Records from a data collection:
━━━━━━
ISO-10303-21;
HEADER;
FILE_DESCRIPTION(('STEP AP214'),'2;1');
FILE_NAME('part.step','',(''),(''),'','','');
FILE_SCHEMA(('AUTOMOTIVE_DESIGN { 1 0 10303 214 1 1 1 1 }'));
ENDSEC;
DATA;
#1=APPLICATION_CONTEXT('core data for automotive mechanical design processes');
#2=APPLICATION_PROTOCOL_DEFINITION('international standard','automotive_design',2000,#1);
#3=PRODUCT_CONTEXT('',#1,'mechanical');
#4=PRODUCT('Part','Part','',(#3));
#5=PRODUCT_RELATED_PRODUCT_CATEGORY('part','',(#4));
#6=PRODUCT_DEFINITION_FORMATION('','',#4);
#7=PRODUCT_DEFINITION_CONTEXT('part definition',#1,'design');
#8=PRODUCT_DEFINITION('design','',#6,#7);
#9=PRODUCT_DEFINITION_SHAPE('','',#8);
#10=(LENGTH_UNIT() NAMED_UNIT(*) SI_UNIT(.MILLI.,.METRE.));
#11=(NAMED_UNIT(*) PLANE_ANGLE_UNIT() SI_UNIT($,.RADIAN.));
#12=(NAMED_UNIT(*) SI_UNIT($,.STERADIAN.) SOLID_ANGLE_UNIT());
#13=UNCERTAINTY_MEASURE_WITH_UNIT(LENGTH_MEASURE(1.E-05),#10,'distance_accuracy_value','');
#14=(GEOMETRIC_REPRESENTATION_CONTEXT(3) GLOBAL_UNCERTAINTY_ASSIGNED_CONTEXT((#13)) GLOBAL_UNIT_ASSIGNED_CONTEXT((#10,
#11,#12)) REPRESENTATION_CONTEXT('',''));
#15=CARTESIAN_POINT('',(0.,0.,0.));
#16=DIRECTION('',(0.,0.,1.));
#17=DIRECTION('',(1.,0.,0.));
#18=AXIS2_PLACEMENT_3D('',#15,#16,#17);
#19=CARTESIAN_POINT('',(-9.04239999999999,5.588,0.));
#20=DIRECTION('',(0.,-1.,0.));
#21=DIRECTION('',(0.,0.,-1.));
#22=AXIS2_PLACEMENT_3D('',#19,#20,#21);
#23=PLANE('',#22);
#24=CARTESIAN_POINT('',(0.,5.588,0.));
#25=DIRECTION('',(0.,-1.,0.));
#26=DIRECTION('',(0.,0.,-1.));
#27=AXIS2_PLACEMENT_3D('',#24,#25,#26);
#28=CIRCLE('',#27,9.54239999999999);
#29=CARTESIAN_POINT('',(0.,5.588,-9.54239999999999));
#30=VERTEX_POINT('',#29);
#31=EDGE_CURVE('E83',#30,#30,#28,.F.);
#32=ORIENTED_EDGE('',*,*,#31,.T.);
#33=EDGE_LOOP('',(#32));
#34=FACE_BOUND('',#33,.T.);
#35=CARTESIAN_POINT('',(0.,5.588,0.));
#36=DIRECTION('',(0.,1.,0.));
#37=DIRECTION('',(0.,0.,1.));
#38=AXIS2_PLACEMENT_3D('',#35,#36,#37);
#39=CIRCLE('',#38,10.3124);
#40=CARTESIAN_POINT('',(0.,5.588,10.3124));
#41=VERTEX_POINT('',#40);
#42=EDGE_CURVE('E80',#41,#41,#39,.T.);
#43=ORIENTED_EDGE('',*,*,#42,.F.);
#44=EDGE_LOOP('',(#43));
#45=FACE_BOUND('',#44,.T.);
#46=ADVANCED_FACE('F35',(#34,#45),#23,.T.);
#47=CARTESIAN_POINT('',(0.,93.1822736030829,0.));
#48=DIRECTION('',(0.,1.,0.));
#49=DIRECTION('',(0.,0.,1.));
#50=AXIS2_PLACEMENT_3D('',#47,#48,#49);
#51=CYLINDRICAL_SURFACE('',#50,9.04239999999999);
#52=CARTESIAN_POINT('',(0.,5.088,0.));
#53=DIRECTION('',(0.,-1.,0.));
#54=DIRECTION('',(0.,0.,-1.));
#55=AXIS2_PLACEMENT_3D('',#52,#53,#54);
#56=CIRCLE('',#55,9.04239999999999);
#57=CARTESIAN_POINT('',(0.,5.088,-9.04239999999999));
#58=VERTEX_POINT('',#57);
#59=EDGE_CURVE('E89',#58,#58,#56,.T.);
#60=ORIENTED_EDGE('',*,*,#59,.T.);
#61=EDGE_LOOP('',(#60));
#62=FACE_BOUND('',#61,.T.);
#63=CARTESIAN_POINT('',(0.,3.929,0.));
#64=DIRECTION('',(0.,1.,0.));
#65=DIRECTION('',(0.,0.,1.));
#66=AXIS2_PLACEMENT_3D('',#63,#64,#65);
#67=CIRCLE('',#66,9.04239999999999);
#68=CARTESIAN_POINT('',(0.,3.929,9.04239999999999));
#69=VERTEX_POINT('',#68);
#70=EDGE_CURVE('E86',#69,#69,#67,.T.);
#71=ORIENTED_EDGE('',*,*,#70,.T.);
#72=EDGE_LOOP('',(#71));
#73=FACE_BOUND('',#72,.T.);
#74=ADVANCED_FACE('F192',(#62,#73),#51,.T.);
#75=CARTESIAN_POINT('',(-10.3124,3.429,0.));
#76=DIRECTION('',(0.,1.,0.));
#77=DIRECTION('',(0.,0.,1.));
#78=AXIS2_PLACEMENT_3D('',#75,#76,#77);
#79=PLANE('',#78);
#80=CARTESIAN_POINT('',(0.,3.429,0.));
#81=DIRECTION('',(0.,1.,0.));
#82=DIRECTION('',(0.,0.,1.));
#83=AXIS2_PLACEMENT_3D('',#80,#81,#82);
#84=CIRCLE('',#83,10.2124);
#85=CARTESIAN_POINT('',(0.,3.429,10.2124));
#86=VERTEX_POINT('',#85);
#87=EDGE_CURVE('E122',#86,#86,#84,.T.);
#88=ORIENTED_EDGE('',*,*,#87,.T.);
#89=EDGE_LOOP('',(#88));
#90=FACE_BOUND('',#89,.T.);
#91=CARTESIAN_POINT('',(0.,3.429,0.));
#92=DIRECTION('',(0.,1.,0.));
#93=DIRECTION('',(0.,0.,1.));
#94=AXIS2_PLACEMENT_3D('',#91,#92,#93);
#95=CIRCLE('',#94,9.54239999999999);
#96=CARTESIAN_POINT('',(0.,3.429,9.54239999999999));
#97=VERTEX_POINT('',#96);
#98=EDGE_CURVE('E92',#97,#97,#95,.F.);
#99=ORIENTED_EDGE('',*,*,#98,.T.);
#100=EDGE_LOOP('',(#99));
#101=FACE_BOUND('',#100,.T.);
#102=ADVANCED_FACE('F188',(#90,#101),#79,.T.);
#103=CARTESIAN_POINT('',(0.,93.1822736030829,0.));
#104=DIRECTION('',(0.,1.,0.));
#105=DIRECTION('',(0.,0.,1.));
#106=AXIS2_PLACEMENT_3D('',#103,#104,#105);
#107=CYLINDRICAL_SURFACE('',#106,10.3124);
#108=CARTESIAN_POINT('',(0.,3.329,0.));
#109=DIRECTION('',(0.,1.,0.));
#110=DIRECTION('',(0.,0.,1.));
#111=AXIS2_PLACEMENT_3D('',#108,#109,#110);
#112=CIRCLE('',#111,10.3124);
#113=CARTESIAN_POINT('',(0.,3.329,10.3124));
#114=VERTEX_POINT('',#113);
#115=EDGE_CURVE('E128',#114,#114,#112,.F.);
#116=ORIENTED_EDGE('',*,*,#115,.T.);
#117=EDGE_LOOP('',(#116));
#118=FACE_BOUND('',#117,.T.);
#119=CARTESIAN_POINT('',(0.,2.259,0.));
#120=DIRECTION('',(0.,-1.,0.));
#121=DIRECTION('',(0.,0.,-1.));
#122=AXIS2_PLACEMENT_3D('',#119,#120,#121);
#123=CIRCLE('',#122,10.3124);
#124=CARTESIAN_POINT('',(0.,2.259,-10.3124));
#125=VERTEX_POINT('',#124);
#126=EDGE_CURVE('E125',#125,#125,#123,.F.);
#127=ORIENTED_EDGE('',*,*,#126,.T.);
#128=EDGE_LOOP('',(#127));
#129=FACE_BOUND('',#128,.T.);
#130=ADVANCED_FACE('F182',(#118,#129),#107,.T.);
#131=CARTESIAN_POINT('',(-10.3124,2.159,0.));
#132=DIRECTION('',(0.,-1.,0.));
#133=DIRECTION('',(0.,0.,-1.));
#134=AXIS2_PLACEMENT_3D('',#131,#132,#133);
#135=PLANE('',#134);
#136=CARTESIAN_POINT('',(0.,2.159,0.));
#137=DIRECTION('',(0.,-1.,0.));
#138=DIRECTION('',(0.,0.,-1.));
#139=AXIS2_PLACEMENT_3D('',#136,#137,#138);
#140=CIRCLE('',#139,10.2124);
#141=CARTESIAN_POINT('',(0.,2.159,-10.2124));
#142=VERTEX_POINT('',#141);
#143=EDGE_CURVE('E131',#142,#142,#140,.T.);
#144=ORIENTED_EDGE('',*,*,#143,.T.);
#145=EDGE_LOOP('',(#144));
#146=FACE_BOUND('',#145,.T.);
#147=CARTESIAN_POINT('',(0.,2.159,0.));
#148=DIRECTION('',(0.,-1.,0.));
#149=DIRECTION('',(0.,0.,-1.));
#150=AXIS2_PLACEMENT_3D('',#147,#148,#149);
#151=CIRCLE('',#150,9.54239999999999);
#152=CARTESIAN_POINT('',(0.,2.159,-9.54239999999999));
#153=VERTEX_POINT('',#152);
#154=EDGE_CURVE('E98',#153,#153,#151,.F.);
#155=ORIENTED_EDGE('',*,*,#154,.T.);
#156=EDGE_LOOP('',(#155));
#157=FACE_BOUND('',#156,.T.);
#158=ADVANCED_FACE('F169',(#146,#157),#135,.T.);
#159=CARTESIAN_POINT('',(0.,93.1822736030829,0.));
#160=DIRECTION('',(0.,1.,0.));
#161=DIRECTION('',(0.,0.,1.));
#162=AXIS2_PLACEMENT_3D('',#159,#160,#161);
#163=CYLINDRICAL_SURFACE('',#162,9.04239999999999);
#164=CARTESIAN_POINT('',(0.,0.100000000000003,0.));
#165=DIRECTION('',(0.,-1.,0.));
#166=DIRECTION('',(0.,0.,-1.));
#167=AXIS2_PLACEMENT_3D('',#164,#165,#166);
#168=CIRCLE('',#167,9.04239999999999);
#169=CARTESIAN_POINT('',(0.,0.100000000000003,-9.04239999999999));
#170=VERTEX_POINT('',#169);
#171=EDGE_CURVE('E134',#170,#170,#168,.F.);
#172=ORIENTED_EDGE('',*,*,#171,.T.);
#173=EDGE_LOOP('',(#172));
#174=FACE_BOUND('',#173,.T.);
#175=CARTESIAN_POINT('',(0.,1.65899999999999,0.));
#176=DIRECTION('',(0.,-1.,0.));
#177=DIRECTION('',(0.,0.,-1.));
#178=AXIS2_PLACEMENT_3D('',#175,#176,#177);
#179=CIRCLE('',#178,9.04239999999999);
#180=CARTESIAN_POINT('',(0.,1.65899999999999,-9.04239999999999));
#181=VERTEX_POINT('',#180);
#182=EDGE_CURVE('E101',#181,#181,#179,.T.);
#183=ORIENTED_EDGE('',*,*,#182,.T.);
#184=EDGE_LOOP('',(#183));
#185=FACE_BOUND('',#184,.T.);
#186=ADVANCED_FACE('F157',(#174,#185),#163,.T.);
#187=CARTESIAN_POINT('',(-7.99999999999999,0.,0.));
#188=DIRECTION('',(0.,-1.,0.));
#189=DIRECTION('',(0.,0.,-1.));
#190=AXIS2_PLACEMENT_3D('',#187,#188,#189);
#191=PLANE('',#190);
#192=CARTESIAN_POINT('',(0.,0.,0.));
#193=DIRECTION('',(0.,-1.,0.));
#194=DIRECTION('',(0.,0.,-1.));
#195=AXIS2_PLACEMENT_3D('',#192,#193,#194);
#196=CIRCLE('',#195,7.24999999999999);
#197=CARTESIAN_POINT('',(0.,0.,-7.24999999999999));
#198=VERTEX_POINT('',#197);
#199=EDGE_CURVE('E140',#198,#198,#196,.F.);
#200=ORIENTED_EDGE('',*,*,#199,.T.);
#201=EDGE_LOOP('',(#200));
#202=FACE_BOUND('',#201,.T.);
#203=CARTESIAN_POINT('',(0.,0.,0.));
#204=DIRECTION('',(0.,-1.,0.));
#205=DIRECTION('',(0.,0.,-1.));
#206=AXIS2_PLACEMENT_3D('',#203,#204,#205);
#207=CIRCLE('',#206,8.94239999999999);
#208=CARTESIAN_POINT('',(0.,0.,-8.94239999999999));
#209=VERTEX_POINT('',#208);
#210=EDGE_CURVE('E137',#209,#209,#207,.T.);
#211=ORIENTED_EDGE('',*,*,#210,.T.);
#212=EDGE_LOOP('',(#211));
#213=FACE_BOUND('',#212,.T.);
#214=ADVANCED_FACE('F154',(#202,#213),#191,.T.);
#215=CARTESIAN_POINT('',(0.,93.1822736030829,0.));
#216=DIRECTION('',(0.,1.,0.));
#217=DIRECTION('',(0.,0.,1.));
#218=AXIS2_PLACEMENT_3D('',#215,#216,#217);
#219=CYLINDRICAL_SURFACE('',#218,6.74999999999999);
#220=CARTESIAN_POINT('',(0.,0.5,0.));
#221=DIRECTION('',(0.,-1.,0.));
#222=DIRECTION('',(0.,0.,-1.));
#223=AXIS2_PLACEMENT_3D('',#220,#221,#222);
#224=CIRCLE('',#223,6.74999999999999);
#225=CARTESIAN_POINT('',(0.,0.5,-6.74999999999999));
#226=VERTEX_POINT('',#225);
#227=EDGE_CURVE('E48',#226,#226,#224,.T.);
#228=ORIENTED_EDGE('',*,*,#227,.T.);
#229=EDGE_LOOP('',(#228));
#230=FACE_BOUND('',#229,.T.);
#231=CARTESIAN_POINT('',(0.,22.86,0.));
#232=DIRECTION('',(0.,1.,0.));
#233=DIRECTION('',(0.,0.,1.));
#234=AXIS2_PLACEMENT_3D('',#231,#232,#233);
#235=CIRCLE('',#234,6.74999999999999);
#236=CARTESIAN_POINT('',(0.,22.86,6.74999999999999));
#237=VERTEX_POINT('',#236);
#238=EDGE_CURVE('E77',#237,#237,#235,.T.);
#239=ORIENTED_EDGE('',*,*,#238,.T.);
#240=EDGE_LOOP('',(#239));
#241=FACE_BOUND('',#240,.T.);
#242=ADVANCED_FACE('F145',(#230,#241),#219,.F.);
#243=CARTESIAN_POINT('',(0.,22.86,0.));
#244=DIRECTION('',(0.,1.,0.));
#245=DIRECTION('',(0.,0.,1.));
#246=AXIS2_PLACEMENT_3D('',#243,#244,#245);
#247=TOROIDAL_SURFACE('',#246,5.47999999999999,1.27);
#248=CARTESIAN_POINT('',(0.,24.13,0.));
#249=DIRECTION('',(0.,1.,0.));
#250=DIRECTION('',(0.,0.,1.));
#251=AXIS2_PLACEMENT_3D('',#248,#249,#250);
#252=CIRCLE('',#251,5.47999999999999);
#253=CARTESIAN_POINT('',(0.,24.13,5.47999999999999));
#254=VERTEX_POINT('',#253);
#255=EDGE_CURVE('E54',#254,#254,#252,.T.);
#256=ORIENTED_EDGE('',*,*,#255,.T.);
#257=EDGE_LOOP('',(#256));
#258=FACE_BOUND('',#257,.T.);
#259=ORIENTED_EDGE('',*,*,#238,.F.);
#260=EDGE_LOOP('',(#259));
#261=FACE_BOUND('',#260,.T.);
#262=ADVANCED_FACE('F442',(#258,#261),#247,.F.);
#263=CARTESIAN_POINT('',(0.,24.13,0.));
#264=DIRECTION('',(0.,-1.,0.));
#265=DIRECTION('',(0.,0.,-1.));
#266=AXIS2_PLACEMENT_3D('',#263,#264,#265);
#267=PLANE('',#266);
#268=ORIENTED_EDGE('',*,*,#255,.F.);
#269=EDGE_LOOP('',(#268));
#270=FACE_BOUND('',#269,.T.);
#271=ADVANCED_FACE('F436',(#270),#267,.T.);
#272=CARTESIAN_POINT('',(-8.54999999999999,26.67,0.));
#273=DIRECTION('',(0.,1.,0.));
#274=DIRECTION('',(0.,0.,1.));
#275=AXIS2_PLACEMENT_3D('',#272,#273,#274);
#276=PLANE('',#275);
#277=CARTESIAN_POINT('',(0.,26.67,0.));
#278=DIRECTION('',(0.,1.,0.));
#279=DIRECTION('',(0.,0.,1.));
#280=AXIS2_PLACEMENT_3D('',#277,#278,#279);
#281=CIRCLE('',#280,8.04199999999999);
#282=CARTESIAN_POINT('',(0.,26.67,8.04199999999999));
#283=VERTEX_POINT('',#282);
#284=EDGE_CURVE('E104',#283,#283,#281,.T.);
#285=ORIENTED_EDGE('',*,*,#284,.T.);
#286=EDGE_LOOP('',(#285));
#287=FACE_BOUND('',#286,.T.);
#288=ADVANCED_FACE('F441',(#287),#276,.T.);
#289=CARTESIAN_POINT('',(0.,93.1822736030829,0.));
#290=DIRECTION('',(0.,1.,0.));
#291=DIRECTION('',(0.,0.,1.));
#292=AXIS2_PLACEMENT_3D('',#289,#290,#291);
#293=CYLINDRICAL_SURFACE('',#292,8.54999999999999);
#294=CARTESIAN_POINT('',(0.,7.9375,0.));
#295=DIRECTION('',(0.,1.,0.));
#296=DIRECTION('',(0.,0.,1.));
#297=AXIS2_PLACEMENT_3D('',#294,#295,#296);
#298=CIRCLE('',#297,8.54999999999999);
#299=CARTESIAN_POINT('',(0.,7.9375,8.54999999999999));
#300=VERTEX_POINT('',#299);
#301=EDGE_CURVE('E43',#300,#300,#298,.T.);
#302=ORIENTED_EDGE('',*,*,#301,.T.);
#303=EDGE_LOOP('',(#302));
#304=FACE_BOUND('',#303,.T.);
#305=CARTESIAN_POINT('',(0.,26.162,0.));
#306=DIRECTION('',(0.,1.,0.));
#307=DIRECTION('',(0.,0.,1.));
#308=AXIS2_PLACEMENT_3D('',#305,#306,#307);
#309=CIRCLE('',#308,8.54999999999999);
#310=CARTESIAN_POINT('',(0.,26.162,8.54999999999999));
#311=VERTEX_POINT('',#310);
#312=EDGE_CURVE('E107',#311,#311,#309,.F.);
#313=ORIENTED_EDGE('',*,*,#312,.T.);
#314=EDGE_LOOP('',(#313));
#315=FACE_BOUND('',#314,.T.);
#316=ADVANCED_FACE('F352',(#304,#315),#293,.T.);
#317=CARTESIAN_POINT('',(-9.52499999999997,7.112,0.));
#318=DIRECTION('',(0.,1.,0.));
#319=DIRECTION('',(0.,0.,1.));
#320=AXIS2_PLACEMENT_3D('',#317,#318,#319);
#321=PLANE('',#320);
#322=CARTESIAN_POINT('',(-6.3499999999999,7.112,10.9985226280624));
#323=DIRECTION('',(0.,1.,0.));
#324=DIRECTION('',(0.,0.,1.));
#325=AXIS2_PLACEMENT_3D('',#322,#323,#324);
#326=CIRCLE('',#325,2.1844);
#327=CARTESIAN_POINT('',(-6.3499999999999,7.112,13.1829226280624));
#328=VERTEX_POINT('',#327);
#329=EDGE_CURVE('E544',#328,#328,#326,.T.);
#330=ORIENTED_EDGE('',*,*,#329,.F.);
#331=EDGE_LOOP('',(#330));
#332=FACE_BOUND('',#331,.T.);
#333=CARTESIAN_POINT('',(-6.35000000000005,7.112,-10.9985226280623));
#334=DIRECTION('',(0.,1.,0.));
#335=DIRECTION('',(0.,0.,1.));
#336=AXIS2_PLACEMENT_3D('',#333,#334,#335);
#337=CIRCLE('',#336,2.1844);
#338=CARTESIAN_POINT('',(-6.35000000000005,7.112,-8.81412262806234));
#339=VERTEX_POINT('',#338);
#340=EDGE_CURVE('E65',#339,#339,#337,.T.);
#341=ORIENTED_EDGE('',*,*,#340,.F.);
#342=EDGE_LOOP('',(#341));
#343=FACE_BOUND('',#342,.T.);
━━━━━━
Work required:
The answer is the lines above between the line holding "#236=CARTESIAN_POINT('',(0.,22.86,6.74999999999999));" and the line holding "#298=CIRCLE('',#297,8.54999999999999);", inclusive, each written out exactly, and no others.

Task output:
#236=CARTESIAN_POINT('',(0.,22.86,6.74999999999999));
#237=VERTEX_POINT('',#236);
#238=EDGE_CURVE('E77',#237,#237,#235,.T.);
#239=ORIENTED_EDGE('',*,*,#238,.T.);
#240=EDGE_LOOP('',(#239));
#241=FACE_BOUND('',#240,.T.);
#242=ADVANCED_FACE('F145',(#230,#241),#219,.F.);
#243=CARTESIAN_POINT('',(0.,22.86,0.));
#244=DIRECTION('',(0.,1.,0.));
#245=DIRECTION('',(0.,0.,1.));
#246=AXIS2_PLACEMENT_3D('',#243,#244,#245);
#247=TOROIDAL_SURFACE('',#246,5.47999999999999,1.27);
#248=CARTESIAN_POINT('',(0.,24.13,0.));
#249=DIRECTION('',(0.,1.,0.));
#250=DIRECTION('',(0.,0.,1.));
#251=AXIS2_PLACEMENT_3D('',#248,#249,#250);
#252=CIRCLE('',#251,5.47999999999999);
#253=CARTESIAN_POINT('',(0.,24.13,5.47999999999999));
#254=VERTEX_POINT('',#253);
#255=EDGE_CURVE('E54',#254,#254,#252,.T.);
#256=ORIENTED_EDGE('',*,*,#255,.T.);
#257=EDGE_LOOP('',(#256));
#258=FACE_BOUND('',#257,.T.);
#259=ORIENTED_EDGE('',*,*,#238,.F.);
#260=EDGE_LOOP('',(#259));
#261=FACE_BOUND('',#260,.T.);
#262=ADVANCED_FACE('F442',(#258,#261),#247,.F.);
#263=CARTESIAN_POINT('',(0.,24.13,0.));
#264=DIRECTION('',(0.,-1.,0.));
#265=DIRECTION('',(0.,0.,-1.));
#266=AXIS2_PLACEMENT_3D('',#263,#264,#265);
#267=PLANE('',#266);
#268=ORIENTED_EDGE('',*,*,#255,.F.);
#269=EDGE_LOOP('',(#268));
#270=FACE_BOUND('',#269,.T.);
#271=ADVANCED_FACE('F436',(#270),#267,.T.);
#272=CARTESIAN_POINT('',(-8.54999999999999,26.67,0.));
#273=DIRECTION('',(0.,1.,0.));
#274=DIRECTION('',(0.,0.,1.));
#275=AXIS2_PLACEMENT_3D('',#272,#273,#274);
#276=PLANE('',#275);
#277=CARTESIAN_POINT('',(0.,26.67,0.));
#278=DIRECTION('',(0.,1.,0.));
#279=DIRECTION('',(0.,0.,1.));
#280=AXIS2_PLACEMENT_3D('',#277,#278,#279);
#281=CIRCLE('',#280,8.04199999999999);
#282=CARTESIAN_POINT('',(0.,26.67,8.04199999999999));
#283=VERTEX_POINT('',#282);
#284=EDGE_CURVE('E104',#283,#283,#281,.T.);
#285=ORIENTED_EDGE('',*,*,#284,.T.);
#286=EDGE_LOOP('',(#285));
#287=FACE_BOUND('',#286,.T.);
#288=ADVANCED_FACE('F441',(#287),#276,.T.);
#289=CARTESIAN_POINT('',(0.,93.1822736030829,0.));
#290=DIRECTION('',(0.,1.,0.));
#291=DIRECTION('',(0.,0.,1.));
#292=AXIS2_PLACEMENT_3D('',#289,#290,#291);
#293=CYLINDRICAL_SURFACE('',#292,8.54999999999999);
#294=CARTESIAN_POINT('',(0.,7.9375,0.));
#295=DIRECTION('',(0.,1.,0.));
#296=DIRECTION('',(0.,0.,1.));
#297=AXIS2_PLACEMENT_3D('',#294,#295,#296);
#298=CIRCLE('',#297,8.54999999999999);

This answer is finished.